What this means for TalkTalk remains to be seen, though it appears its mission to challenge the ISP market by both owning the infrastructure and the relationship with the customer is drawing to a close. Sceptics might suggest this transaction is a sign of a struggling business, as a result of the lower-cost fibre services and the vast expense of deploying full-fibre networks, weighing heavily on the spreadsheets.

“The sale of FibreNation to CityFibre, in combination with a competitive wholesale agreement, enables us to continue our strategy to accelerate TalkTalk’s fibre growth for our residential and business customers, thereby delivering a superior customer experience at an affordable price,” said TalkTalk CEO Tristia Harrison.

This is of course another step forward for CityFibre. This is a company which is cash rich, thanks to it being acquired by a Goldman Sachs owned fund, allowing for aggressive construction of full-fibre networks, though acquisition is in the heritage of this business. Let’s not forget, CityFibre exists thanks to the acquisition and integration of distressed fibre businesses (H2O Networks, Fibrecity Holdings and Opencity Media, for example) in 2011.

On the construction front, CityFibre has been given the greenlight to continue its ambitious rollout from the UK Government. Prime Minister Boris Johnson has paid particular attention to the progress being made in the broadband segment, and recently requested deployment should continue during the outbreak as it will allow both society and the economy to function and to enable rapid economic recovery when the crisis is over.

Italian networks having a bit of a wobble under the strain

Although Italian networks seem to be holding-up under the increased traffic, data from Opensignal and MedUX suggests there has been material levels of service degradation.

What is worth noting it that while performance is seemingly suffering, there is not a threat of a full internet black-out in the impacted regions.
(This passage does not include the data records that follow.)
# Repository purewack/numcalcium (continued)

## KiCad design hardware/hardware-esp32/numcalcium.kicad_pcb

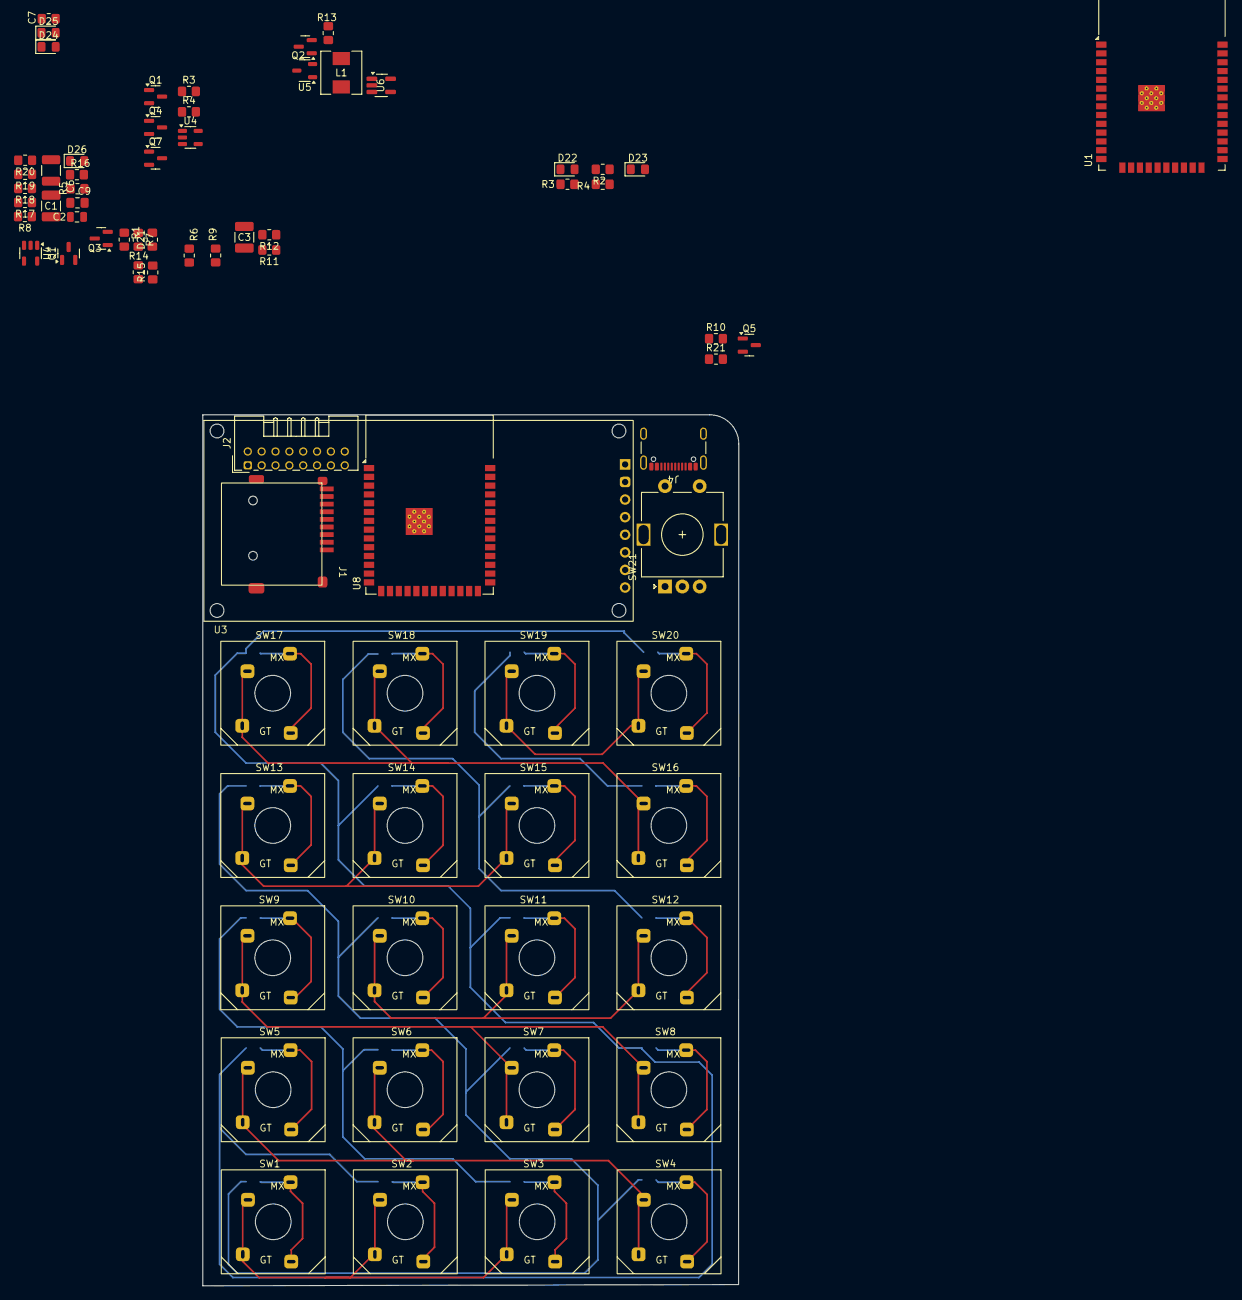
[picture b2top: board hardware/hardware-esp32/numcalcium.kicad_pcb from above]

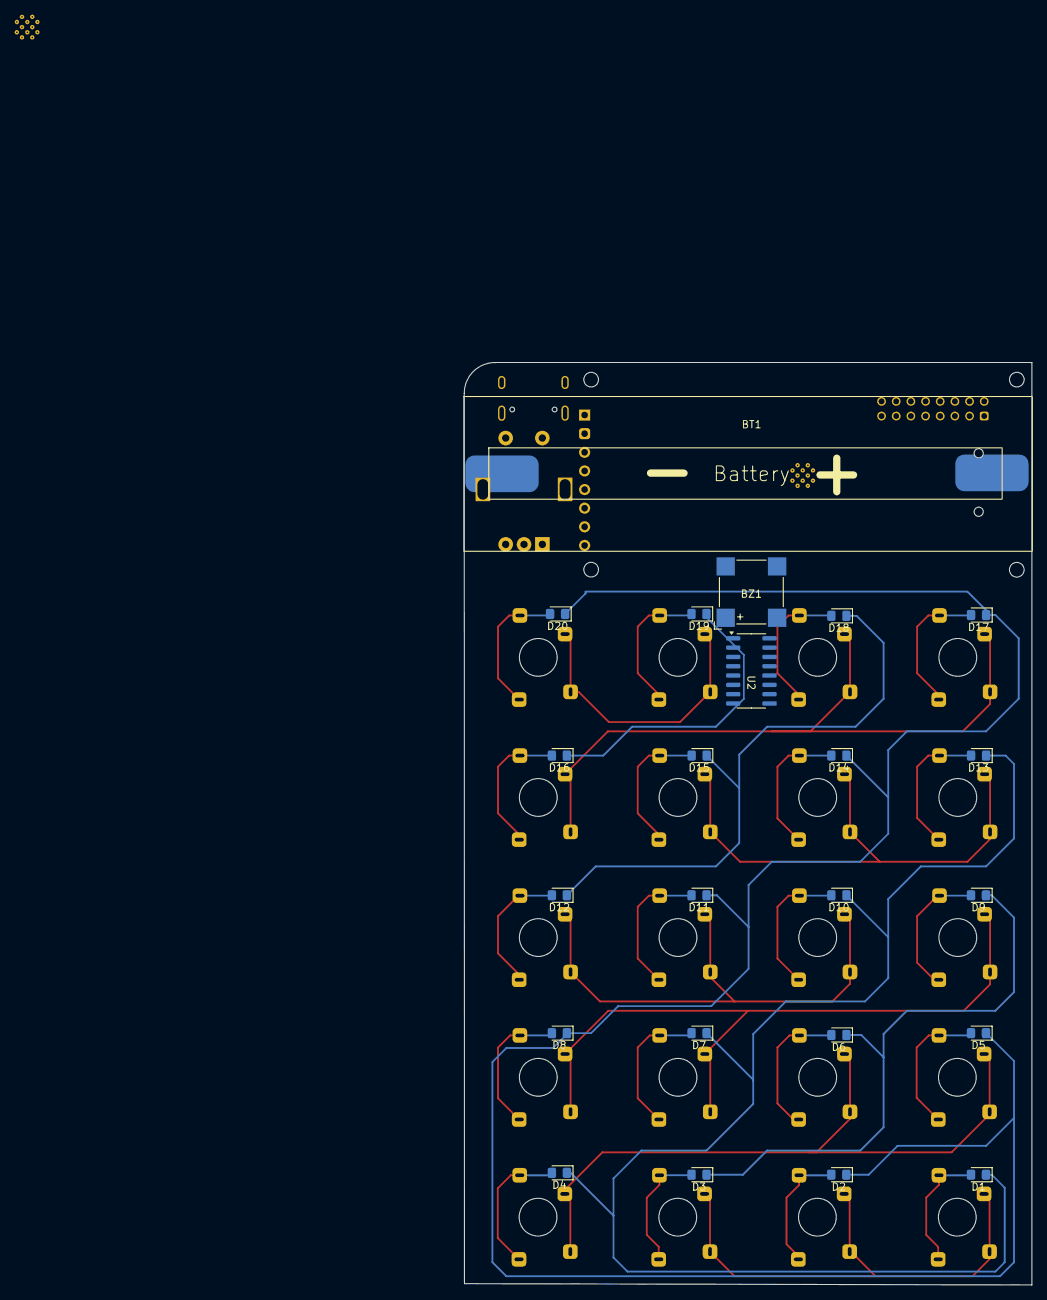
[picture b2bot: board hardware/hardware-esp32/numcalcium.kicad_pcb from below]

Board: 2 copper layers, 77.4 x 125.8 mm, 97 parts (23 on the bottom side), 69 nets.

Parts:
BT1: Battery; LiIon18650
BZ1: Buzzer; MagneticBuzzer_CUI_CMT-8504-100-SMT
C1: 10u; C_1210_3225Metric_Pad1.33x2.70mm_HandSolder
C2: 100n; C_0805_2012Metric
C3: 22u; C_1210_3225Metric_Pad1.33x2.70mm_HandSolder
C6: 22u; R_1210_3225Metric_Pad1.30x2.65mm_HandSolder
C7: 100n; R_0805_2012Metric_Pad1.20x1.40mm_HandSolder
C9: 22u; C_0805_2012Metric_Pad1.18x1.45mm_HandSolder
D1, D2, D3, D4, D5, D6, D7, D8, D9, D10, D11, D12, D13, D14, D15, D16, D17, D18, D19, D20, D22, D23, D24, D25, D26: D; D_0805_2012Metric_Pad1.15x1.40mm_HandSolder
D21: BAT_REV; R_0805_2012Metric_Pad1.20x1.40mm_HandSolder
J1: Micro_SD_Card_Det2; microSD_Short_1
J2: Conn_02x08_Counter_Clockwise; JAE_LY20-16P-DLT1_2x08_P2.00mm_Horizontal
J4: USB_C_Receptacle_USB2.0_16P; USB_C_Receptacle_GCT_USB4105-xx-A_16P_TopMnt_Horizontal
L1: 2u2; L_Chilisin_BMRA00050530
Q1, Q1#2, Q4, Q7: AO3401A; SOT-23
Q2, Q3, Q5: BSS138; SOT-23
R1, R2, R11, R12: 100k; R_0805_2012Metric_Pad1.20x1.40mm_HandSolder
R3, R3#2, R4, R4#2: 5k6; R_0805_2012Metric_Pad1.20x1.40mm_HandSolder
R5: 2k; R_0805_2012Metric_Pad1.20x1.40mm_HandSolder
R6: 220k; R_0805_2012Metric_Pad1.20x1.40mm_HandSolder
R7: 33k; R_0805_2012Metric_Pad1.20x1.40mm_HandSolder
R8, R9, R17, R18, R19, R20: 47k; R_0805_2012Metric_Pad1.20x1.40mm_HandSolder
R10, R15, R21: 10k; R_0805_2012Metric_Pad1.20x1.40mm_HandSolder
R13, R14, R16: 1M; R_0805_2012Metric_Pad1.20x1.40mm_HandSolder
SW1, SW2, SW3, SW4, SW5, SW6, SW7, SW8, SW9, SW10, SW11, SW12, SW13, SW14, SW15, SW16, SW17, SW18, SW19, SW20: SW_Push; Combo_MechanicalSwitch
SW21: Encoder; RotaryEncoder_Alps_EC11E-Switch_Vertical_H20mm
U1: ESP32-WROOM-32D
U2: 74HC595; SOIC-16_3.9x9.9mm_P1.27mm
U3: ISP Display; ST7789 1.9inch module Display
U4, U4#2: LTC4054ES5-4.2; TSOT-23-5
U5: XC6206PxxxMR; SOT-23-3
U6: STI3411A; SOT-23-5_HandSoldering
U8: ESP32-S3-WROOM-1

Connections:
/Power/VBAT_MON: R13.2, R14.1
/Power/VCART: C6.1, C7.1, Q1.3 (D), Q1#2.3 (D)
/Power/VCART_ON: Q1.1 (G), Q1#2.1 (G), R11.2
/Power/VDD_AON: C9.1, L1.2, R6.1, U5.2 (VO)
/Power/VPOW_OFF: Q4.1 (G), R16.2, U6.1 (EN)
B_OK: R2.2, SW21.S1, U1.25 (IO0)
CART_FEED: R12.1, SW19.2, SW20.2, U2.1 (QB)
CART_SENSE: D24.2 (A), R12.2
GND: BT1.2 (-), C1.2, C2.2, C3.2, C6.2, C7.2, C9.2, D21.2 (A), J1.6 (VSS), J1.11 (SHIELD), J4.A1 (GND), J4.A12 (GND), J4.B1 (GND), J4.B12 (GND), Q2.2 (S), Q3.2 (S), Q5.2 (S), Q7.1 (G), R3.2, R3#2.2, R4.2, R4#2.2, R5.2, R9.2, R14.2, SW21.S2, U1.1 (GND), U1.15 (GND), U1.38 (GND), U1.39 (GND), U2.8 (GND), U3.1 (GND), U4.2 (GND), U4#2.2 (GND), U5.1 (GND), U6.2 (GND)
IO_CK: D1.1 (K), D4.1 (K), D7.1 (K), D10.1 (K), D13.1 (K), D16.1 (K), D19.1 (K), D22.1 (K), U1.8 (IO32), U2.11 (SRCLK)
IO_D: D2.1 (K), D5.1 (K), D8.1 (K), D11.1 (K), D14.1 (K), D17.1 (K), D20.1 (K), D23.1 (K), U1.9 (IO33), U2.14 (SER)
IO_OE: Q2.1 (G), U1.12 (IO27), U2.12 (RCLK)
IO_T: D3.1 (K), D6.1 (K), D9.1 (K), D12.1 (K), D15.1 (K), D18.1 (K), D24.1 (K), D25.1 (K), U1.6 (IO34)
unnamed: BT1.1 (+), Q7.3 (D), R7.1
unnamed: BZ1.2 (-), D26.2 (A), Q3.3 (D)
unnamed: D1.2 (A), SW1.1
unnamed: D2.2 (A), SW2.1
unnamed: D3.2 (A), SW3.1
unnamed: D4.2 (A), SW4.1
unnamed: D5.2 (A), SW5.1
unnamed: D6.2 (A), SW6.1
unnamed: D7.2 (A), SW7.1
unnamed: D8.2 (A), SW8.1
unnamed: D9.2 (A), SW9.1
unnamed: D10.2 (A), SW10.1
unnamed: D11.2 (A), SW11.1
unnamed: D12.2 (A), SW12.1
unnamed: D13.2 (A), SW13.1
unnamed: D14.2 (A), SW14.1
unnamed: D15.2 (A), SW15.1
unnamed: D16.2 (A), SW16.1
unnamed: D17.2 (A), SW17.1
unnamed: D18.2 (A), SW18.1
unnamed: D19.2 (A), SW19.1
unnamed: D20.2 (A), SW20.1
unnamed: D21.1 (K), R7.2
unnamed: D22.2 (A), SW21.A
unnamed: D23.2 (A), SW21.B
unnamed: J1.5 (CLK), U1.13 (IO14), U3.3 (CK)
unnamed: J1.3 (CMD), R18.2, U1.23 (IO15), U3.4 (D)
unnamed: J1.7 (DAT0), R19.2, U1.24 (IO2)
unnamed: J1.8 (DAT1), R20.2, U1.26 (IO4), U3.6 (DC)
unnamed: J1.1 (DAT2), R8.2, U1.14 (IO12)
unnamed: J1.2 (DAT3/CD), R17.2, U1.16 (IO13)
unnamed: J4.A5 (CC1), R3.1, R3#2.1
unnamed: J4.B5 (CC2), R4.1, R4#2.1
unnamed: C3.1, Q1.2 (S), Q1#2.2 (S), Q4.2 (S), Q7.2 (S), R11.1, R13.1, R16.1, U4.3 (BAT), U4#2.3 (BAT), U6.4 (VIN)
unnamed: Q2.3 (D), R1.2, U2.13 (~OE)
unnamed: Q3.1 (G), R15.2
unnamed: Q4.3 (D), U5.3 (VI)
unnamed: Q5.3 (D), U3.8 (LIGHT)
unnamed: Q5.1 (G), R10.2
unnamed: R21.1, U1.3 (EN)
unnamed: U1.28 (IO17), U3.7 (CS)
unnamed: R10.1, U1.5 (SENSOR_VN)
unnamed: SW16.2, SW17.2, SW18.2, U2.2 (QC)
unnamed: SW13.2, SW14.2, SW15.2, U2.3 (QD)
unnamed: SW10.2, SW11.2, SW12.2, U2.4 (QE)
unnamed: SW7.2, SW8.2, SW9.2, U2.5 (QF)
unnamed: SW4.2, SW5.2, SW6.2, U2.6 (QG)
unnamed: SW1.2, SW2.2, SW3.2, U2.7 (QH)
unnamed: R5.1, U4.5 (PROG), U4#2.5 (PROG)
unnamed: C1.1, C2.1, J4.A4 (VBUS), J4.A9 (VBUS), J4.B4 (VBUS), J4.B9 (VBUS), U4.4 (V_{CC}), U4#2.4 (V_{CC})
unnamed: R6.2, R9.1
unnamed: L1.1, U6.3 (LX)
unnamed: U8.1 (GND), U8.40 (GND), U8.41 (GND)
SD_FEED: SW21.C, U2.15 (QA)
SD_SENSE: D25.2 (A), J1.9 (DET_B)
VDD: BZ1.1 (+), D26.1 (K), J1.4 (VDD), R1.1, R8.1, R17.1, R18.1, R19.1, R20.1, R21.2, U1.2 (VDD), U2.10 (~SRCLR), U2.16 (VCC), U3.2 (VDD)

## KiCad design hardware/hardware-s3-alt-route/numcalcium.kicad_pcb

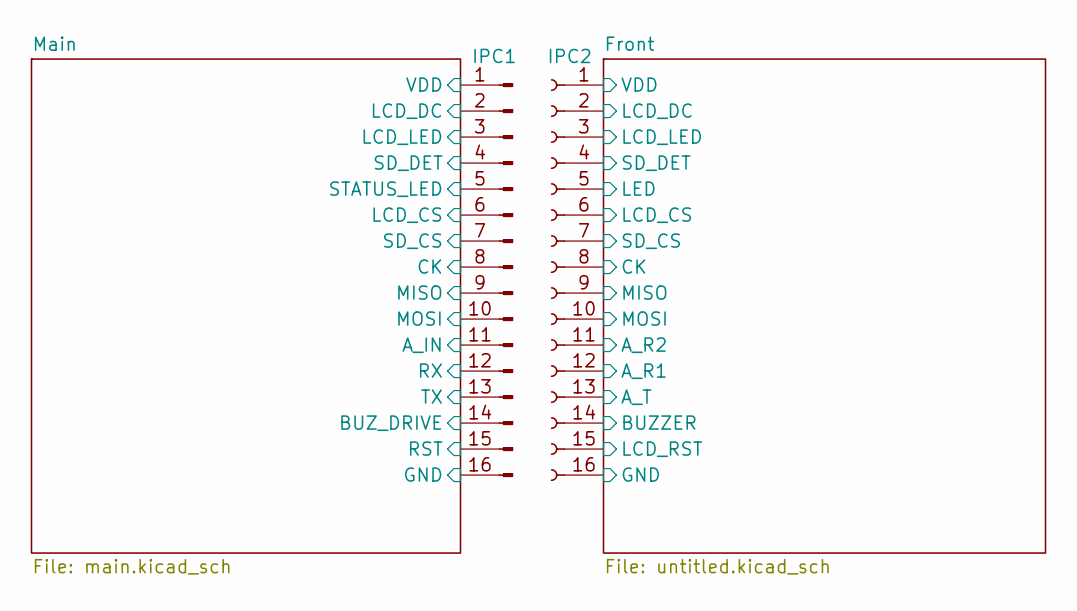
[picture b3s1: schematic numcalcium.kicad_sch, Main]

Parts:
IPC1: Conn_01x16_Pin; PinHeader_1x16_P2.54mm_Vertical
IPC2: Conn_01x16_Socket; PinSocket_1x16_P2.54mm_Vertical

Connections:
/Front/A_R1: IPC2.12; also elsewhere on the board
/Front/A_R2: IPC2.11; also elsewhere on the board
/Front/A_T: IPC2.13; also elsewhere on the board
/Front/BUZZER: IPC2.14; also elsewhere on the board
/Front/CK: IPC2.8; also elsewhere on the board
/Front/LCD_CS: IPC2.6; also elsewhere on the board
/Front/LCD_DC: IPC2.2; also elsewhere on the board
/Front/LCD_LED: IPC2.3; also elsewhere on the board
/Front/LCD_RST: IPC2.15; also elsewhere on the board
/Front/LED: IPC2.5; also elsewhere on the board
/Front/MISO: IPC2.9; also elsewhere on the board
/Front/MOSI: IPC2.10; also elsewhere on the board
/Front/SD_CS: IPC2.7; also elsewhere on the board
/Front/SD_DET: IPC2.4; also elsewhere on the board
/Front/VDD: IPC2.1; also elsewhere on the board
/Main/A_IN: IPC1.11; also elsewhere on the board
/Main/BUZ_DRIVE: IPC1.14; also elsewhere on the board
/Main/CK: IPC1.8; also elsewhere on the board
/Main/LCD_CS: IPC1.6; also elsewhere on the board
/Main/LCD_DC: IPC1.2; also elsewhere on the board
/Main/LCD_LED: IPC1.3; also elsewhere on the board
/Main/MISO: IPC1.9; also elsewhere on the board
/Main/MOSI: IPC1.10; also elsewhere on the board
/Main/RX: IPC1.12; also elsewhere on the board
/Main/SD_CS: IPC1.7; also elsewhere on the board
/Main/SD_DET: IPC1.4; also elsewhere on the board
/Main/STATUS_LED: IPC1.5; also elsewhere on the board
/Main/TX: IPC1.13; also elsewhere on the board
GND: IPC1.16, IPC2.16; also elsewhere on the board
RST: IPC1.15; also elsewhere on the board
VDD: IPC1.1; also elsewhere on the board

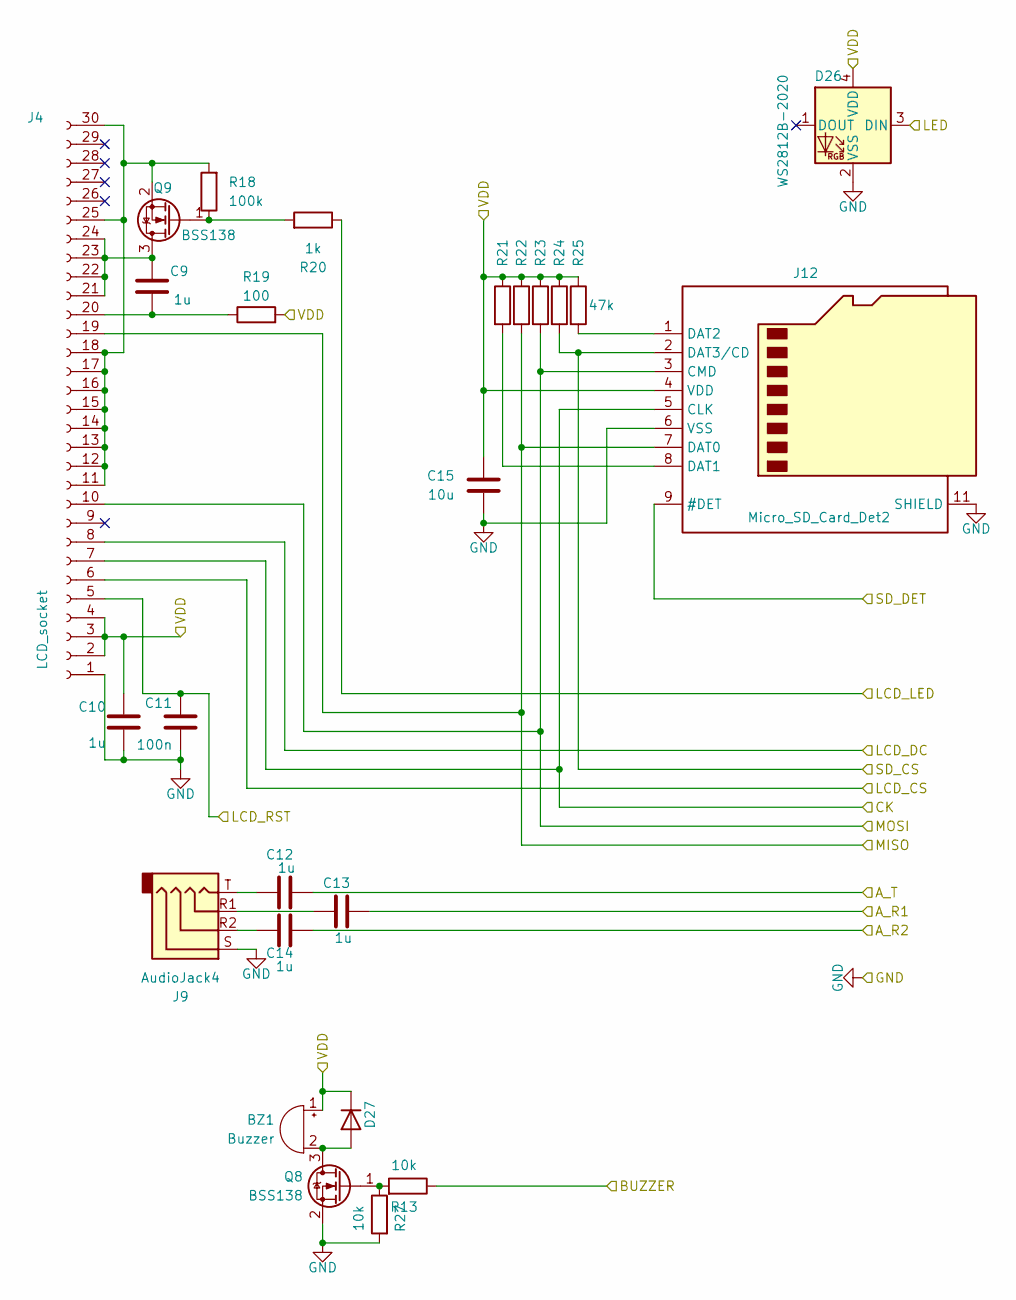
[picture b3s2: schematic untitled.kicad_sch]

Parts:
BZ1: Buzzer; MagneticBuzzer_CUI_CMT-8504-100-SMT
C9, C10, C12, C13, C14: 1u; C_0805_2012Metric
C11: 100n; C_0805_2012Metric
C15: 10u; C_0805_2012Metric
D26: WS2812B-2020; LED_WS2812B-2020_PLCC4_2.0x2.0mm
D27: D; D_0805_2012Metric_Pad1.15x1.40mm_HandSolder
J4: LCD_socket; Hirose_FH12-30S-0.5SH_1x30-1MP_P0.50mm_Horizontal
J9: AudioJack4; Jack_3.5mm_PJ320D_Horizontal
J12: Micro_SD_Card_Det2; microSD_Short_1
Q8, Q9: BSS138; SOT-23
R13, R27: 10k; R_0805_2012Metric_Pad1.20x1.40mm_HandSolder
R18: 100k; R_0805_2012Metric_Pad1.20x1.40mm_HandSolder
R19: 100; R_0805_2012Metric_Pad1.20x1.40mm_HandSolder
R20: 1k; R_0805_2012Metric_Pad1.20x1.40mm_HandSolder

Customers might just have to be a bit sympathetic to the circumstances and wait a bit longer.

Starting with the mobile networks, Opensignal measured the performance of the networks over a six-week period, starting at the beginning of February and finishing towards mid-March. Over the first five weeks, network performance was consistent, though from March 10 onwards, the beginning of the lockdown in the country, there was a very notable decline in 4G download speeds.

Although these numbers are still at speeds which might be tolerable, the longer the lockdown continues, the more people will be working from home, the greater the strain will be. This is far from a threat of the networks shutting down due to increased traffic, but it is a degradation which people will have to be aware of.

At the time of writing, the Italian Government has warned that while the COVID-19 impact was stabilising in the Northern regions, there were signs of increased effects in the Southern regions. Should there be a significant flare-up in the South, it would suggest the lockdown would continue across the country, instead of drawing to the end as some had been hoping.

Looking at fixed broadband networks, MedUX has done some analysis on the performance of Telecom Italia, Fastweb, Vodafone and Wind. Once again, the networks are holding pretty steadily, but performance has been impacted.

While there has been an impact on networks throughout the country, Piemonte, Lombardia, Toscana, Emilia-Romagna, Campania, and Sicilia have had a more material impact.

During the week beginning March 9, MedUX notes there has been up to a 50% increase in latency for FTTH during morning hours and up to 150% increase during afternoon hours. For FTTH and VDSL services, there was also a 15% decrease in compliance with contracted download speeds. The team also noted a 15% increase in web loading time and a 10–15% increase in the start-up and loading time of videos during the afternoon on the worst effected days.

Although these statistics are a slight dampener, the networks are still continuing to perform their duties. It might not be the lightening speeds which are promised in adverts, but these are extraordinary times where consumers might have to offer some flexibility to the telcos.